Litigants in Federal courts will need to think twice before deciding to commence proceedings to resolve a dispute after 1 August 2011.
It is hard to imagine that commencing legal proceedings against someone is the first thing that anyone would do to resolve a dispute. However from today, parties who decide to litigate a matter will be asked to demonstrate that they have taken “genuine steps” before taking a matter to court. Failing to do so can potentially cost you; not just in the sense that you will be paying your own legal fees, but you may also end up paying your opponents costs.
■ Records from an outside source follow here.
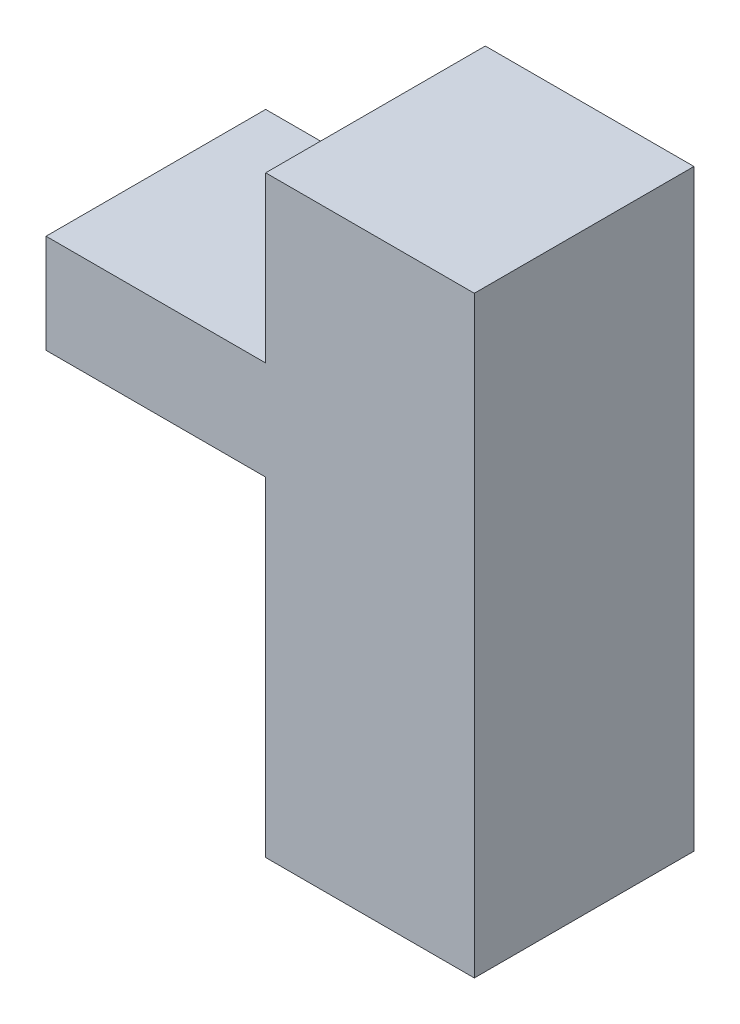
ISO-10303-21;
HEADER;
FILE_DESCRIPTION(('STEP AP214'),'2;1');
FILE_NAME('part.step','',(''),(''),'','','');
FILE_SCHEMA(('AUTOMOTIVE_DESIGN { 1 0 10303 214 1 1 1 1 }'));
ENDSEC;
DATA;
#1=APPLICATION_CONTEXT('core data for automotive mechanical design processes');
#2=APPLICATION_PROTOCOL_DEFINITION('international standard','automotive_design',2000,#1);
#3=PRODUCT_CONTEXT('',#1,'mechanical');
#4=PRODUCT('Part','Part','',(#3));
#5=PRODUCT_RELATED_PRODUCT_CATEGORY('part','',(#4));
#6=PRODUCT_DEFINITION_FORMATION('','',#4);
#7=PRODUCT_DEFINITION_CONTEXT('part definition',#1,'design');
#8=PRODUCT_DEFINITION('design','',#6,#7);
#9=PRODUCT_DEFINITION_SHAPE('','',#8);
#10=(LENGTH_UNIT() NAMED_UNIT(*) SI_UNIT(.MILLI.,.METRE.));
#11=(NAMED_UNIT(*) PLANE_ANGLE_UNIT() SI_UNIT($,.RADIAN.));
#12=(NAMED_UNIT(*) SI_UNIT($,.STERADIAN.) SOLID_ANGLE_UNIT());
#13=UNCERTAINTY_MEASURE_WITH_UNIT(LENGTH_MEASURE(1.E-05),#10,'distance_accuracy_value','');
#14=(GEOMETRIC_REPRESENTATION_CONTEXT(3) GLOBAL_UNCERTAINTY_ASSIGNED_CONTEXT((#13)) GLOBAL_UNIT_ASSIGNED_CONTEXT((#10,
#11,#12)) REPRESENTATION_CONTEXT('',''));
#15=CARTESIAN_POINT('',(0.,0.,0.));
#16=DIRECTION('',(0.,0.,1.));
#17=DIRECTION('',(1.,0.,0.));
#18=AXIS2_PLACEMENT_3D('',#15,#16,#17);
#19=CARTESIAN_POINT('',(0.2,0.2,8.));
#20=DIRECTION('',(1.,0.,0.));
#21=DIRECTION('',(0.,0.,-1.));
#22=AXIS2_PLACEMENT_3D('',#19,#20,#21);
#23=PLANE('',#22);
#24=DIRECTION('',(0.,-1.,0.));
#25=VECTOR('',#24,1.);
#26=CARTESIAN_POINT('',(0.2,0.2,0.));
#27=LINE('',#26,#25);
#28=CARTESIAN_POINT('',(0.2,12.2,0.));
#29=VERTEX_POINT('',#28);
#30=CARTESIAN_POINT('',(0.2,0.2,0.));
#31=VERTEX_POINT('',#30);
#32=EDGE_CURVE('E132',#29,#31,#27,.T.);
#33=ORIENTED_EDGE('',*,*,#32,.T.);
#34=DIRECTION('',(0.,0.,-1.));
#35=VECTOR('',#34,1.);
#36=CARTESIAN_POINT('',(0.2,0.2,8.));
#37=LINE('',#36,#35);
#38=CARTESIAN_POINT('',(0.2,0.2,8.));
#39=VERTEX_POINT('',#38);
#40=EDGE_CURVE('E11',#39,#31,#37,.T.);
#41=ORIENTED_EDGE('',*,*,#40,.F.);
#42=DIRECTION('',(0.,-1.,0.));
#43=VECTOR('',#42,1.);
#44=CARTESIAN_POINT('',(0.2,0.2,8.));
#45=LINE('',#44,#43);
#46=CARTESIAN_POINT('',(0.2,12.2,8.));
#47=VERTEX_POINT('',#46);
#48=EDGE_CURVE('E146',#47,#39,#45,.T.);
#49=ORIENTED_EDGE('',*,*,#48,.F.);
#50=DIRECTION('',(0.,0.,-1.));
#51=VECTOR('',#50,1.);
#52=CARTESIAN_POINT('',(0.2,12.2,8.));
#53=LINE('',#52,#51);
#54=EDGE_CURVE('E128',#47,#29,#53,.T.);
#55=ORIENTED_EDGE('',*,*,#54,.T.);
#56=EDGE_LOOP('',(#33,#41,#49,#55));
#57=FACE_BOUND('',#56,.T.);
#58=ADVANCED_FACE('F36',(#57),#23,.F.);
#59=CARTESIAN_POINT('',(0.2,0.2,8.));
#60=DIRECTION('',(0.,1.,0.));
#61=DIRECTION('',(0.,0.,1.));
#62=AXIS2_PLACEMENT_3D('',#59,#60,#61);
#63=PLANE('',#62);
#64=DIRECTION('',(1.,0.,0.));
#65=VECTOR('',#64,1.);
#66=CARTESIAN_POINT('',(0.2,0.2,0.));
#67=LINE('',#66,#65);
#68=CARTESIAN_POINT('',(7.8,0.2,0.));
#69=VERTEX_POINT('',#68);
#70=EDGE_CURVE('E135',#31,#69,#67,.T.);
#71=ORIENTED_EDGE('',*,*,#70,.T.);
#72=DIRECTION('',(0.,0.,-1.));
#73=VECTOR('',#72,1.);
#74=CARTESIAN_POINT('',(7.8,0.2,8.));
#75=LINE('',#74,#73);
#76=CARTESIAN_POINT('',(7.8,0.2,8.));
#77=VERTEX_POINT('',#76);
#78=EDGE_CURVE('E44',#77,#69,#75,.T.);
#79=ORIENTED_EDGE('',*,*,#78,.F.);
#80=DIRECTION('',(1.,0.,0.));
#81=VECTOR('',#80,1.);
#82=CARTESIAN_POINT('',(0.2,0.2,8.));
#83=LINE('',#82,#81);
#84=EDGE_CURVE('E95',#39,#77,#83,.T.);
#85=ORIENTED_EDGE('',*,*,#84,.F.);
#86=ORIENTED_EDGE('',*,*,#40,.T.);
#87=EDGE_LOOP('',(#71,#79,#85,#86));
#88=FACE_BOUND('',#87,.T.);
#89=ADVANCED_FACE('F181',(#88),#63,.F.);
#90=CARTESIAN_POINT('',(7.8,0.2,8.));
#91=DIRECTION('',(-1.,0.,0.));
#92=DIRECTION('',(0.,0.,1.));
#93=AXIS2_PLACEMENT_3D('',#90,#91,#92);
#94=PLANE('',#93);
#95=DIRECTION('',(0.,1.,0.));
#96=VECTOR('',#95,1.);
#97=CARTESIAN_POINT('',(7.8,0.2,0.));
#98=LINE('',#97,#96);
#99=CARTESIAN_POINT('',(7.8,21.8,0.));
#100=VERTEX_POINT('',#99);
#101=EDGE_CURVE('E137',#69,#100,#98,.T.);
#102=ORIENTED_EDGE('',*,*,#101,.T.);
#103=DIRECTION('',(0.,0.,-1.));
#104=VECTOR('',#103,1.);
#105=CARTESIAN_POINT('',(7.8,21.8,8.));
#106=LINE('',#105,#104);
#107=CARTESIAN_POINT('',(7.8,21.8,8.));
#108=VERTEX_POINT('',#107);
#109=EDGE_CURVE('E153',#108,#100,#106,.T.);
#110=ORIENTED_EDGE('',*,*,#109,.F.);
#111=DIRECTION('',(0.,1.,0.));
#112=VECTOR('',#111,1.);
#113=CARTESIAN_POINT('',(7.8,0.2,8.));
#114=LINE('',#113,#112);
#115=EDGE_CURVE('E161',#77,#108,#114,.T.);
#116=ORIENTED_EDGE('',*,*,#115,.F.);
#117=ORIENTED_EDGE('',*,*,#78,.T.);
#118=EDGE_LOOP('',(#102,#110,#116,#117));
#119=FACE_BOUND('',#118,.T.);
#120=ADVANCED_FACE('F159',(#119),#94,.F.);
#121=CARTESIAN_POINT('',(0.2,21.8,8.));
#122=DIRECTION('',(0.,-1.,0.));
#123=DIRECTION('',(0.,0.,-1.));
#124=AXIS2_PLACEMENT_3D('',#121,#122,#123);
#125=PLANE('',#124);
#126=DIRECTION('',(-1.,0.,0.));
#127=VECTOR('',#126,1.);
#128=CARTESIAN_POINT('',(0.2,21.8,0.));
#129=LINE('',#128,#127);
#130=CARTESIAN_POINT('',(0.2,21.8,0.));
#131=VERTEX_POINT('',#130);
#132=EDGE_CURVE('E139',#100,#131,#129,.T.);
#133=ORIENTED_EDGE('',*,*,#132,.T.);
#134=DIRECTION('',(0.,0.,-1.));
#135=VECTOR('',#134,1.);
#136=CARTESIAN_POINT('',(0.2,21.8,8.));
#137=LINE('',#136,#135);
#138=CARTESIAN_POINT('',(0.2,21.8,8.));
#139=VERTEX_POINT('',#138);
#140=EDGE_CURVE('E150',#139,#131,#137,.T.);
#141=ORIENTED_EDGE('',*,*,#140,.F.);
#142=DIRECTION('',(-1.,0.,0.));
#143=VECTOR('',#142,1.);
#144=CARTESIAN_POINT('',(0.2,21.8,8.));
#145=LINE('',#144,#143);
#146=EDGE_CURVE('E173',#108,#139,#145,.T.);
#147=ORIENTED_EDGE('',*,*,#146,.F.);
#148=ORIENTED_EDGE('',*,*,#109,.T.);
#149=EDGE_LOOP('',(#133,#141,#147,#148));
#150=FACE_BOUND('',#149,.T.);
#151=ADVANCED_FACE('F169',(#150),#125,.F.);
#152=CARTESIAN_POINT('',(0.2,15.8,8.));
#153=DIRECTION('',(1.,0.,0.));
#154=DIRECTION('',(0.,0.,-1.));
#155=AXIS2_PLACEMENT_3D('',#152,#153,#154);
#156=PLANE('',#155);
#157=DIRECTION('',(0.,-1.,0.));
#158=VECTOR('',#157,1.);
#159=CARTESIAN_POINT('',(0.2,15.8,0.));
#160=LINE('',#159,#158);
#161=CARTESIAN_POINT('',(0.2,15.8,0.));
#162=VERTEX_POINT('',#161);
#163=EDGE_CURVE('E141',#131,#162,#160,.T.);
#164=ORIENTED_EDGE('',*,*,#163,.T.);
#165=DIRECTION('',(0.,0.,-1.));
#166=VECTOR('',#165,1.);
#167=CARTESIAN_POINT('',(0.2,15.8,8.));
#168=LINE('',#167,#166);
#169=CARTESIAN_POINT('',(0.2,15.8,8.));
#170=VERTEX_POINT('',#169);
#171=EDGE_CURVE('E123',#170,#162,#168,.T.);
#172=ORIENTED_EDGE('',*,*,#171,.F.);
#173=DIRECTION('',(0.,-1.,0.));
#174=VECTOR('',#173,1.);
#175=CARTESIAN_POINT('',(0.2,15.8,8.));
#176=LINE('',#175,#174);
#177=EDGE_CURVE('E114',#139,#170,#176,.T.);
#178=ORIENTED_EDGE('',*,*,#177,.F.);
#179=ORIENTED_EDGE('',*,*,#140,.T.);
#180=EDGE_LOOP('',(#164,#172,#178,#179));
#181=FACE_BOUND('',#180,.T.);
#182=ADVANCED_FACE('F172',(#181),#156,.F.);
#183=CARTESIAN_POINT('',(0.2,15.8,8.));
#184=DIRECTION('',(0.,-1.,0.));
#185=DIRECTION('',(0.,0.,-1.));
#186=AXIS2_PLACEMENT_3D('',#183,#184,#185);
#187=PLANE('',#186);
#188=DIRECTION('',(-1.,0.,0.));
#189=VECTOR('',#188,1.);
#190=CARTESIAN_POINT('',(0.2,15.8,0.));
#191=LINE('',#190,#189);
#192=CARTESIAN_POINT('',(-7.8,15.8,0.));
#193=VERTEX_POINT('',#192);
#194=EDGE_CURVE('E122',#162,#193,#191,.T.);
#195=ORIENTED_EDGE('',*,*,#194,.T.);
#196=DIRECTION('',(0.,0.,-1.));
#197=VECTOR('',#196,1.);
#198=CARTESIAN_POINT('',(-7.8,15.8,8.));
#199=LINE('',#198,#197);
#200=CARTESIAN_POINT('',(-7.8,15.8,8.));
#201=VERTEX_POINT('',#200);
#202=EDGE_CURVE('E119',#201,#193,#199,.T.);
#203=ORIENTED_EDGE('',*,*,#202,.F.);
#204=DIRECTION('',(-1.,0.,0.));
#205=VECTOR('',#204,1.);
#206=CARTESIAN_POINT('',(0.2,15.8,8.));
#207=LINE('',#206,#205);
#208=EDGE_CURVE('E108',#170,#201,#207,.T.);
#209=ORIENTED_EDGE('',*,*,#208,.F.);
#210=ORIENTED_EDGE('',*,*,#171,.T.);
#211=EDGE_LOOP('',(#195,#203,#209,#210));
#212=FACE_BOUND('',#211,.T.);
#213=ADVANCED_FACE('F120',(#212),#187,.F.);
#214=CARTESIAN_POINT('',(-7.8,15.8,8.));
#215=DIRECTION('',(1.,0.,0.));
#216=DIRECTION('',(0.,0.,-1.));
#217=AXIS2_PLACEMENT_3D('',#214,#215,#216);
#218=PLANE('',#217);
#219=DIRECTION('',(0.,-1.,0.));
#220=VECTOR('',#219,1.);
#221=CARTESIAN_POINT('',(-7.8,15.8,0.));
#222=LINE('',#221,#220);
#223=CARTESIAN_POINT('',(-7.8,12.2,0.));
#224=VERTEX_POINT('',#223);
#225=EDGE_CURVE('E81',#193,#224,#222,.T.);
#226=ORIENTED_EDGE('',*,*,#225,.T.);
#227=DIRECTION('',(0.,0.,-1.));
#228=VECTOR('',#227,1.);
#229=CARTESIAN_POINT('',(-7.8,12.2,8.));
#230=LINE('',#229,#228);
#231=CARTESIAN_POINT('',(-7.8,12.2,8.));
#232=VERTEX_POINT('',#231);
#233=EDGE_CURVE('E124',#232,#224,#230,.T.);
#234=ORIENTED_EDGE('',*,*,#233,.F.);
#235=DIRECTION('',(0.,-1.,0.));
#236=VECTOR('',#235,1.);
#237=CARTESIAN_POINT('',(-7.8,15.8,8.));
#238=LINE('',#237,#236);
#239=EDGE_CURVE('E112',#201,#232,#238,.T.);
#240=ORIENTED_EDGE('',*,*,#239,.F.);
#241=ORIENTED_EDGE('',*,*,#202,.T.);
#242=EDGE_LOOP('',(#226,#234,#240,#241));
#243=FACE_BOUND('',#242,.T.);
#244=ADVANCED_FACE('F126',(#243),#218,.F.);
#245=CARTESIAN_POINT('',(0.2,12.2,8.));
#246=DIRECTION('',(0.,1.,0.));
#247=DIRECTION('',(0.,0.,1.));
#248=AXIS2_PLACEMENT_3D('',#245,#246,#247);
#249=PLANE('',#248);
#250=DIRECTION('',(1.,0.,0.));
#251=VECTOR('',#250,1.);
#252=CARTESIAN_POINT('',(0.2,12.2,0.));
#253=LINE('',#252,#251);
#254=EDGE_CURVE('E87',#224,#29,#253,.T.);
#255=ORIENTED_EDGE('',*,*,#254,.T.);
#256=ORIENTED_EDGE('',*,*,#54,.F.);
#257=DIRECTION('',(1.,0.,0.));
#258=VECTOR('',#257,1.);
#259=CARTESIAN_POINT('',(0.2,12.2,8.));
#260=LINE('',#259,#258);
#261=EDGE_CURVE('E52',#232,#47,#260,.T.);
#262=ORIENTED_EDGE('',*,*,#261,.F.);
#263=ORIENTED_EDGE('',*,*,#233,.T.);
#264=EDGE_LOOP('',(#255,#256,#262,#263));
#265=FACE_BOUND('',#264,.T.);
#266=ADVANCED_FACE('F197',(#265),#249,.F.);
#267=CARTESIAN_POINT('',(0.,0.,8.));
#268=DIRECTION('',(0.,0.,1.));
#269=DIRECTION('',(1.,0.,0.));
#270=AXIS2_PLACEMENT_3D('',#267,#268,#269);
#271=PLANE('',#270);
#272=ORIENTED_EDGE('',*,*,#48,.T.);
#273=ORIENTED_EDGE('',*,*,#84,.T.);
#274=ORIENTED_EDGE('',*,*,#115,.T.);
#275=ORIENTED_EDGE('',*,*,#146,.T.);
#276=ORIENTED_EDGE('',*,*,#177,.T.);
#277=ORIENTED_EDGE('',*,*,#208,.T.);
#278=ORIENTED_EDGE('',*,*,#239,.T.);
#279=ORIENTED_EDGE('',*,*,#261,.T.);
#280=EDGE_LOOP('',(#272,#273,#274,#275,#276,#277,#278,#279));
#281=FACE_BOUND('',#280,.T.);
#282=ADVANCED_FACE('F110',(#281),#271,.T.);
#283=CARTESIAN_POINT('',(0.,0.,0.));
#284=DIRECTION('',(0.,0.,1.));
#285=DIRECTION('',(1.,0.,0.));
#286=AXIS2_PLACEMENT_3D('',#283,#284,#285);
#287=PLANE('',#286);
#288=ORIENTED_EDGE('',*,*,#32,.F.);
#289=ORIENTED_EDGE('',*,*,#254,.F.);
#290=ORIENTED_EDGE('',*,*,#225,.F.);
#291=ORIENTED_EDGE('',*,*,#194,.F.);
#292=ORIENTED_EDGE('',*,*,#163,.F.);
#293=ORIENTED_EDGE('',*,*,#132,.F.);
#294=ORIENTED_EDGE('',*,*,#101,.F.);
#295=ORIENTED_EDGE('',*,*,#70,.F.);
#296=EDGE_LOOP('',(#288,#289,#290,#291,#292,#293,#294,#295));
#297=FACE_BOUND('',#296,.T.);
#298=ADVANCED_FACE('F165',(#297),#287,.F.);
#299=CLOSED_SHELL('',(#58,#89,#120,#151,#182,#213,#244,#266,#282,#298));
#300=MANIFOLD_SOLID_BREP('B2',#299);
#301=ADVANCED_BREP_SHAPE_REPRESENTATION('',(#18,#300),#14);
#302=SHAPE_DEFINITION_REPRESENTATION(#9,#301);
ENDSEC;
END-ISO-10303-21;

The Civil Dispute Resolution Act 2011 and Civil Dispute Regulations 2011 (CDR Legislation) have been a hot topic of conversation in legal circles since amendments were enacted on 1 December 2010. Together, the CDR legislations are said to reflect the Federal Government’s adoption of the National Alternative Dispute Resolution Advisory Council’s recommendations in their 2009 report. The latter was titled: The Resolve to Resolve – Embracing ADR to Improve Access to Justice in the Federal Jurisdiction.
So what does the CDR Legislation mean for litigation?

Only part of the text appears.